Parlor Spider...Step In, Little Fly

Insightful thoughts and/or rants from atop the soapbox from one who wishes to share the "right" opinion with everyone.

Monday, March 17, 2008

Fill Out the Bracket...If You Are Able

The NCAA Tournament is ready to begin, and boosters, coaches, players and fans are all agog over the fact that their team a) got in b) got in but got screwed on their seed c) din't get in and has to play in the NIT or WNIT or d) sucked.
It is, of course, all about money: money for conferences, money for extravagant locker room facilities, bonus money for coaches and money for the university in terms of booster ducats.
"Amateur" athletics, it isn't, with the possible exception of the players. They get shafted twice--one by not getting money and two by not getting educated.
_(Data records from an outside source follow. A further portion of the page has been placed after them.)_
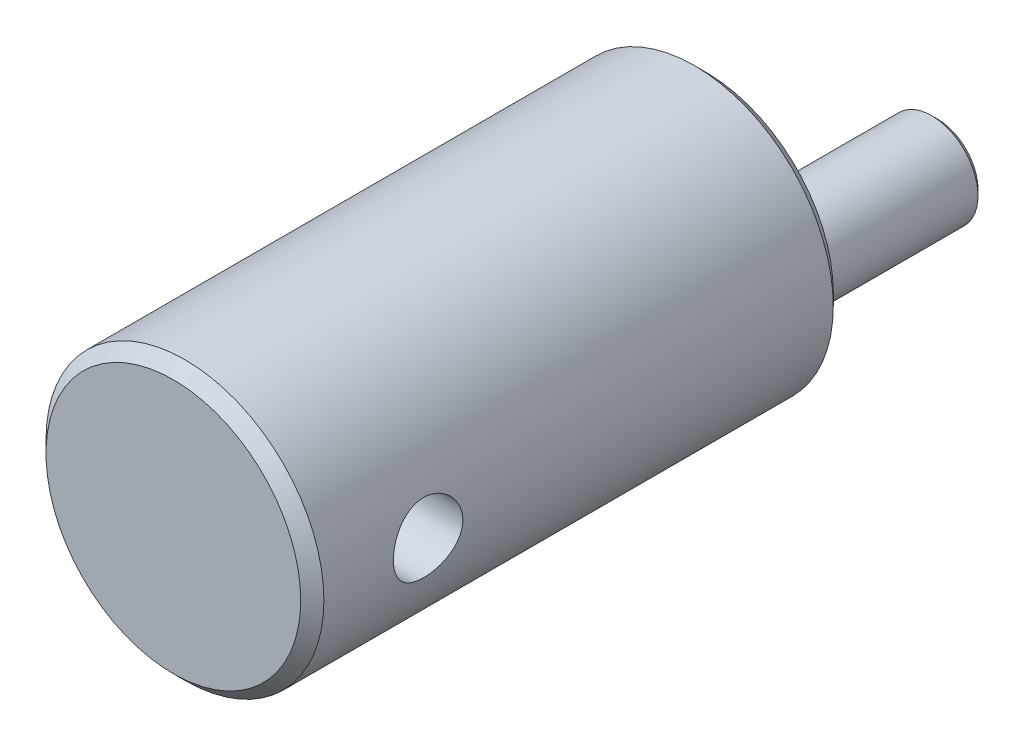
ISO-10303-21;
HEADER;
FILE_DESCRIPTION(('STEP AP214'),'2;1');
FILE_NAME('part.step','',(''),(''),'','','');
FILE_SCHEMA(('AUTOMOTIVE_DESIGN { 1 0 10303 214 1 1 1 1 }'));
ENDSEC;
DATA;
#1=APPLICATION_CONTEXT('core data for automotive mechanical design processes');
#2=APPLICATION_PROTOCOL_DEFINITION('international standard','automotive_design',2000,#1);
#3=PRODUCT_CONTEXT('',#1,'mechanical');
#4=PRODUCT('Part','Part','',(#3));
#5=PRODUCT_RELATED_PRODUCT_CATEGORY('part','',(#4));
#6=PRODUCT_DEFINITION_FORMATION('','',#4);
#7=PRODUCT_DEFINITION_CONTEXT('part definition',#1,'design');
#8=PRODUCT_DEFINITION('design','',#6,#7);
#9=PRODUCT_DEFINITION_SHAPE('','',#8);
#10=(LENGTH_UNIT() NAMED_UNIT(*) SI_UNIT(.MILLI.,.METRE.));
#11=(NAMED_UNIT(*) PLANE_ANGLE_UNIT() SI_UNIT($,.RADIAN.));
#12=(NAMED_UNIT(*) SI_UNIT($,.STERADIAN.) SOLID_ANGLE_UNIT());
#13=UNCERTAINTY_MEASURE_WITH_UNIT(LENGTH_MEASURE(1.E-05),#10,'distance_accuracy_value','');
#14=(GEOMETRIC_REPRESENTATION_CONTEXT(3) GLOBAL_UNCERTAINTY_ASSIGNED_CONTEXT((#13)) GLOBAL_UNIT_ASSIGNED_CONTEXT((#10,
#11,#12)) REPRESENTATION_CONTEXT('',''));
#15=CARTESIAN_POINT('',(0.,0.,0.));
#16=DIRECTION('',(0.,0.,1.));
#17=DIRECTION('',(1.,0.,0.));
#18=AXIS2_PLACEMENT_3D('',#15,#16,#17);
#19=CARTESIAN_POINT('',(0.,0.,23.));
#20=DIRECTION('',(0.,0.,-1.));
#21=DIRECTION('',(-1.,0.,0.));
#22=AXIS2_PLACEMENT_3D('',#19,#20,#21);
#23=CYLINDRICAL_SURFACE('',#22,6.);
#24=CARTESIAN_POINT('',(0.,0.,0.5));
#25=DIRECTION('',(0.,0.,1.));
#26=DIRECTION('',(1.,0.,0.));
#27=AXIS2_PLACEMENT_3D('',#24,#25,#26);
#28=CIRCLE('',#27,6.);
#29=CARTESIAN_POINT('',(6.,0.,0.5));
#30=VERTEX_POINT('',#29);
#31=EDGE_CURVE('E108',#30,#30,#28,.T.);
#32=ORIENTED_EDGE('',*,*,#31,.T.);
#33=EDGE_LOOP('',(#32));
#34=FACE_BOUND('',#33,.T.);
#35=CARTESIAN_POINT('',(0.,0.,22.5));
#36=DIRECTION('',(0.,0.,1.));
#37=DIRECTION('',(1.,0.,0.));
#38=AXIS2_PLACEMENT_3D('',#35,#36,#37);
#39=CIRCLE('',#38,6.);
#40=CARTESIAN_POINT('',(6.,0.,22.5));
#41=VERTEX_POINT('',#40);
#42=EDGE_CURVE('E70',#41,#41,#39,.F.);
#43=ORIENTED_EDGE('',*,*,#42,.T.);
#44=EDGE_LOOP('',(#43));
#45=FACE_BOUND('',#44,.T.);
#46=CARTESIAN_POINT('',(-6.,0.,19.5));
#47=CARTESIAN_POINT('',(-5.99999859868012,0.082876088669731,19.4999976742618));
#48=CARTESIAN_POINT('',(-5.99826578131828,0.165778157830763,19.4931084492262));
#49=CARTESIAN_POINT('',(-5.99152113829892,0.329206323770533,19.465774848693));
#50=CARTESIAN_POINT('',(-5.98650745419968,0.409731046870739,19.4453227904621));
#51=CARTESIAN_POINT('',(-5.9737562633204,0.566020872182577,19.3915607465379));
#52=CARTESIAN_POINT('',(-5.96602202842087,0.641791563430003,19.3582662012847));
#53=CARTESIAN_POINT('',(-5.94865343807593,0.786672131904426,19.2798186099552));
#54=CARTESIAN_POINT('',(-5.9390190185405,0.855781784348759,19.2346651638811));
#55=CARTESIAN_POINT('',(-5.91867413591801,0.98680192730092,19.1327992103458));
#56=CARTESIAN_POINT('',(-5.90794707148533,1.04855569006107,19.0758884250408));
#57=CARTESIAN_POINT('',(-5.88673620117529,1.1617489272033,18.9525477950911));
#58=CARTESIAN_POINT('',(-5.87625242288348,1.21318723694913,18.8861168770535));
#59=CARTESIAN_POINT('',(-5.8565477569971,1.30502654279903,18.7444047732626));
#60=CARTESIAN_POINT('',(-5.84734794470605,1.34525221592536,18.6690067691896));
#61=CARTESIAN_POINT('',(-5.83149494812223,1.41239690855053,18.5122515883416));
#62=CARTESIAN_POINT('',(-5.82484135672789,1.43931805543933,18.4308953666742));
#63=CARTESIAN_POINT('',(-5.81500476717551,1.47855483680429,18.2662565017975));
#64=CARTESIAN_POINT('',(-5.81175491075426,1.49115226833334,18.1830451039502));
#65=CARTESIAN_POINT('',(-5.80889362537741,1.50226177506785,18.015631430986));
#66=CARTESIAN_POINT('',(-5.80928160448644,1.50077614181798,17.9314293193014));
#67=CARTESIAN_POINT('',(-5.81359205496618,1.48398652463928,17.7665841922555));
#68=CARTESIAN_POINT('',(-5.81742863001879,1.46901834019052,17.6859043785349));
#69=CARTESIAN_POINT('',(-5.82806709676483,1.42622418690311,17.5282389490887));
#70=CARTESIAN_POINT('',(-5.83486919970696,1.39839730206942,17.451253596971));
#71=CARTESIAN_POINT('',(-5.85075113904186,1.33038947793715,17.3022619837479));
#72=CARTESIAN_POINT('',(-5.85985327469421,1.29008666723291,17.2303138282104));
#73=CARTESIAN_POINT('',(-5.87929710846386,1.19835627601496,17.0940812902432));
#74=CARTESIAN_POINT('',(-5.88963902334735,1.14692674880884,17.0297982519327));
#75=CARTESIAN_POINT('',(-5.91075880539781,1.03266342468122,16.9087963843056));
#76=CARTESIAN_POINT('',(-5.92154069477971,0.969546258165863,16.8523455099387));
#77=CARTESIAN_POINT('',(-5.94205965578786,0.834611917503703,16.7507787575361));
#78=CARTESIAN_POINT('',(-5.95179669549415,0.762794477707947,16.7056632257364));
#79=CARTESIAN_POINT('',(-5.96917732094182,0.612115888681394,16.6279494137756));
#80=CARTESIAN_POINT('',(-5.97681360127725,0.533231393208626,16.5953946597456));
#81=CARTESIAN_POINT('',(-5.98907916991418,0.370876008142885,16.5440826942904));
#82=CARTESIAN_POINT('',(-5.99370903339281,0.287405999150487,16.5253228435819));
#83=CARTESIAN_POINT('',(-5.99935499271374,0.120539970390028,16.5025424344412));
#84=CARTESIAN_POINT('',(-6.00046053508279,0.0371967199882111,16.4981569739247));
#85=CARTESIAN_POINT('',(-5.99918804814451,-0.129032874801507,16.5032490020555));
#86=CARTESIAN_POINT('',(-5.99681033241846,-0.211919259644594,16.5127252427991));
#87=CARTESIAN_POINT('',(-5.98889581127357,-0.37361426877649,16.5449709083914));
#88=CARTESIAN_POINT('',(-5.98340634185811,-0.452465118968752,16.567541263477));
#89=CARTESIAN_POINT('',(-5.96988706634134,-0.605257292452509,16.6251070840284));
#90=CARTESIAN_POINT('',(-5.96185700369892,-0.679198119032632,16.6601038043132));
#91=CARTESIAN_POINT('',(-5.9439330792631,-0.821523134429846,16.7422361288747));
#92=CARTESIAN_POINT('',(-5.93400867366932,-0.88978544183583,16.7895761123968));
#93=CARTESIAN_POINT('',(-5.91344509187419,-1.01752661364325,16.894789908797));
#94=CARTESIAN_POINT('',(-5.90280579251705,-1.07700395897301,16.9526655396169));
#95=CARTESIAN_POINT('',(-5.88168956960771,-1.18699056807273,17.0790019608445));
#96=CARTESIAN_POINT('',(-5.87122304187281,-1.23724386762203,17.1476877030024));
#97=CARTESIAN_POINT('',(-5.85192878377239,-1.3255107590127,17.2927326344657));
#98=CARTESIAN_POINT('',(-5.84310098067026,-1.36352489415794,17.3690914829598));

Consider this fact: only one school among the top seeds in the men's tournament this year graduated 50% of its eligible players over a six-year period ending in 2001, according to a study just released by Rich Lapchick of the University of Central Florida's Institute for Diversity and Ethics in Sport. The University of North Carolina graduated 86% of its eligible men's basketball players over those six years, while the University of Kansas graduated 45% and UCLA and Memphis graduated a paltry 40% of all men's players during that six-year period. To be fair, players who transfer or who go to the NBA are counted against the schools they left so the numbers might be deceiving. In addition, we don't know what the graduation rates are for the regular students. I would think this might make a fair comparison. What we do know, though, is that black players still lag far behind white players in achieving that diploma.
Thirty-three of the schools in this year's tournament graduated at least 70% of their white players over the period in question, while only 19 schools managed the same percentage for black athletes. While the improvements in black graduation rates among athletes has gone up 14% since 1984, still there are only 36 schools among the 65-team field who have graduated at least 50% of their black basketball players. A total of 45 schools graduated at least that many of their white players.
It's also interesting to look at the #2 seeds from this year's tournament. For the same period, the University of Texas and the University of Tennessee graduated a mere 33% of their eligible players. Georgetown and Duke, the other #2 seeds, did better, averaging 82% and 67% respectively. So I'm picking the smart schools this year in my bracket:
Western Kentucky graduated 100% of its men's basketball players during the six years studied. Butler University graduated 92% while both Notre Dame and Purdue graduated 91%. What does this all mean? Send your kid to Indiana for school: three of the top four are Indiana schools.
The University of Wisconsin-Green Bay did not make the tournament field again this year but continues to graduate men's basketball players at a 100% rate. It must be the tutors.